Мой первый серьезный побег (я не беру в расчет бегство из коллежа, побег в Марсель и другие эскапады) относится к 1912 году. Моя семья страстно любила музыку и живопись, литература же ничего или почти ничего для моих родных не значила. Отец занимался живописью. Стоит теперь какому-нибудь художнику открыть этюдник, как я, почуяв запах масла, вижу моего отца. Лед коллекционировал картины, инструменты Страдивари, греческие бюсты. Организовывал квартеты, в которых исполнял партию виолончели. Я рисовал. Что-то писал. Я наобум реализовывал свои способности, которые, если им не находится применения, рискуют растащить нас на части и оказаться хуже оспы. Само собой, меня хвалили. Преград я никаких не знал. Поэтому продолжал. Мне удалось очаровать многих, да и сам я упивался собственными ошибками.

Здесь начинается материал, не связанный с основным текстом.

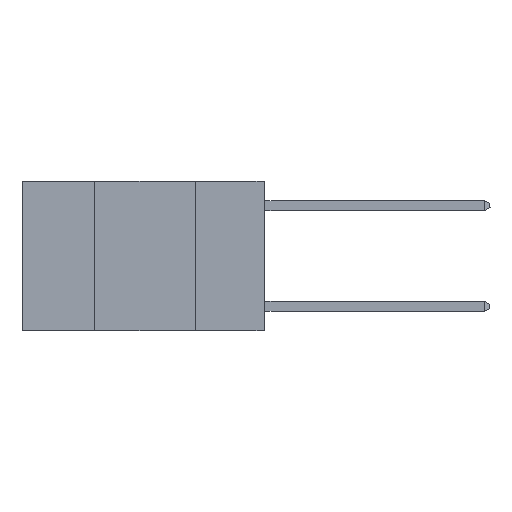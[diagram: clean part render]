
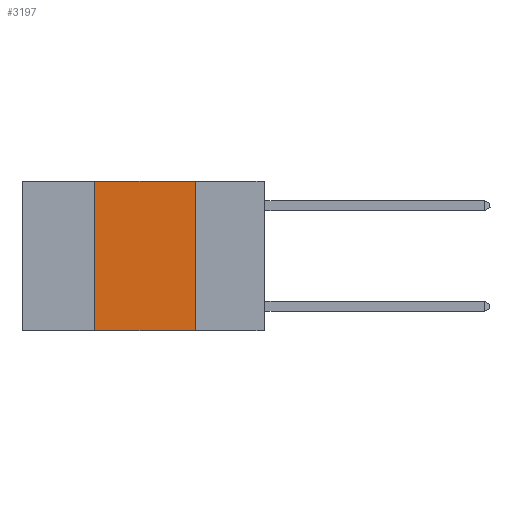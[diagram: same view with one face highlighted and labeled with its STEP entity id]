
A CAD part, left-side view. The second image highlights one B-rep face of the part: STEP entity #3197.
In plain terms, the highlighted planar face has unit normal (-1, 0, 0).
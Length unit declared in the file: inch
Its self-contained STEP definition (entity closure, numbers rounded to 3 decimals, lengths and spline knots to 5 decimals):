
#440 = DIRECTION ( 'NONE',  ( 0., -1., 0. ) ) ;
#581 = VECTOR ( 'NONE', #440, 39.37008 ) ;
#639 = ORIENTED_EDGE ( 'NONE', *, *, #9749, .F. ) ;
#884 = ORIENTED_EDGE ( 'NONE', *, *, #5119, .T. ) ;
#911 = LINE ( 'NONE', #1782, #8532 ) ;
#1077 = LINE ( 'NONE', #9798, #581 ) ;
#1141 = VECTOR ( 'NONE', #2567, 39.37008 ) ;
#1782 = CARTESIAN_POINT ( 'NONE',  ( 0., 0.42, 0. ) ) ;
#2000 = DIRECTION ( 'NONE',  ( 0., -1., 0. ) ) ;
#2567 = DIRECTION ( 'NONE',  ( 0., 0., -1. ) ) ;
#2591 = DIRECTION ( 'NONE',  ( 1., 0., 0. ) ) ;
#2637 = CARTESIAN_POINT ( 'NONE',  ( 0., 0.42, 0. ) ) ;
#3124 = CARTESIAN_POINT ( 'NONE',  ( 0., 0.17, -0.37 ) ) ;
#3197 = ADVANCED_FACE ( 'NONE', ( #4891 ), #4933, .F. ) ;
#3577 = CARTESIAN_POINT ( 'NONE',  ( 0., 0.6, 0. ) ) ;
#4321 = VERTEX_POINT ( 'NONE', #5015 ) ;
#4628 = EDGE_LOOP ( 'NONE', ( #8740, #639, #8976, #884 ) ) ;
#4891 = FACE_OUTER_BOUND ( 'NONE', #4628, .T. ) ;
#4929 = VERTEX_POINT ( 'NONE', #2637 ) ;
#4933 = PLANE ( 'NONE',  #9926 ) ;
#5015 = CARTESIAN_POINT ( 'NONE',  ( 0., 0.17, 0. ) ) ;
#5119 = EDGE_CURVE ( 'NONE', #5919, #8334, #1077, .T. ) ;
#5703 = VECTOR ( 'NONE', #2000, 39.37008 ) ;
#5735 = DIRECTION ( 'NONE',  ( 0., 0., 1. ) ) ;
#5737 = CARTESIAN_POINT ( 'NONE',  ( 0., 0.6, 0. ) ) ;
#5919 = VERTEX_POINT ( 'NONE', #8438 ) ;
#5955 = LINE ( 'NONE', #3577, #5703 ) ;
#7184 = EDGE_CURVE ( 'NONE', #5919, #4929, #911, .T. ) ;
#8095 = DIRECTION ( 'NONE',  ( 0., 0., -1. ) ) ;
#8334 = VERTEX_POINT ( 'NONE', #3124 ) ;
#8438 = CARTESIAN_POINT ( 'NONE',  ( 0., 0.42, -0.37 ) ) ;
#8494 = EDGE_CURVE ( 'NONE', #4321, #8334, #9432, .T. ) ;
#8532 = VECTOR ( 'NONE', #5735, 39.37008 ) ;
#8740 = ORIENTED_EDGE ( 'NONE', *, *, #8494, .F. ) ;
#8976 = ORIENTED_EDGE ( 'NONE', *, *, #7184, .F. ) ;
#9432 = LINE ( 'NONE', #9530, #1141 ) ;
#9530 = CARTESIAN_POINT ( 'NONE',  ( 0., 0.17, 0. ) ) ;
#9749 = EDGE_CURVE ( 'NONE', #4929, #4321, #5955, .T. ) ;
#9798 = CARTESIAN_POINT ( 'NONE',  ( 0., 0.6, -0.37 ) ) ;
#9926 = AXIS2_PLACEMENT_3D ( 'NONE', #5737, #2591, #8095 ) ;

Эта дорога, без сомнения, вела прямехонько в Академию. Но однажды я повстречал Жида. Мне стало стыдно за то, как я пишу. Я украшал свои тексты арабесками. Жид заставил меня проснуться — я дорого заплатил за такое начало. Вряд ли кто признает, что можно открыть самого себя. Обычно нас обвиняют в измене. Для одних — предатель, для других — подозрительный тип: одиночество Калханта{15}.
Русский балет Сергея Дягилева сыграл определенную роль в моем переломе. Он забрызгал Париж пестротой красок. Присутствуя на представлении в первый раз (давали «Павильон Армиды»{16}), я сидел в кресле, арендуемом моей семьей. Все происходило где-то далеко, за рампой, где для тех, кто не знает изнанки театра, пылает неопалимая купина театрального действа.
Сергея Дягилева я встретил у госпожи Серт{17}. С первой же минуты я стал членом его труппы. На Нижинского я смотрел отныне только из-за кулис или из ложи, в которой Дягилев, стоя позади госпожи Серт в персидском султане, наблюдал за танцорами в крошечный перламутровый лорнет.
Сколько я храню воспоминаний! Сколько я мог бы об этом написать! Но это не моя тема. После скандала с «Весной священной»{18} я поехал к Стравинскому в Лезен, где он лечил свою жену. Там я закончил «Потомака», начатого в Оффранвиле у Ж.-Э. Бланша{19} под присмотром Жида. Вернувшись в Мезон-Лаффит, я решил либо сгореть, либо возродиться. И я заперся. Я мучил себя. Допрашивал. Оскорблял. Изводил себя запретами.
От меня остался один лишь пепел. Началась война. Мне удалось не попасть в ее сети и судить о том, что она принесла, что отняла и как излечила нас от глупости, нашедшей себе новые жертвы. Мне посчастливилось жить в эти годы бок о бок с солдатами морской пехоты. Среди них царило невероятное свободомыслие. Я описал это в «Речи Великого сна» и в «Самозванце Тома».
Итак, Париж был пуст. Мы заняли его. В 1916 началась наша революция.
После Стравинского был Пикассо. Я уже знал секрет, без которого любое усилие разума остается бесплодным. Существует мир, в котором художник находит прежде, чем начнет искать, и находит беспрерывно. Мир, в котором происходят не войны, а священные войны. Пикассо, Стравинский были в них вождями.
Слову «дар» придают обычно слишком большое значение. Его экономят. Стендаль употребляет его, чтобы сообщить, что женщина умела садиться в экипаж. С этой точки зрения я обладал именно даром и лишь в малой степени — талантом. Мой разум инстинктивно влек меня на самое острие, но не умел его заострить. Можно себе представить, что давала мне дружба с авторами «Авиньонских девиц» и «Свадебки»{20}. В самый разгар ссор, споров и процессов над еретиками я боролся за место под солнцем. Я искал себя, вроде бы находил, терял из виду, бежал вдогонку и снова находил, с трудом переводя дух. Едва поддавшись какому-нибудь очарованию, я мгновенно становился по отношению к нему в оппозицию.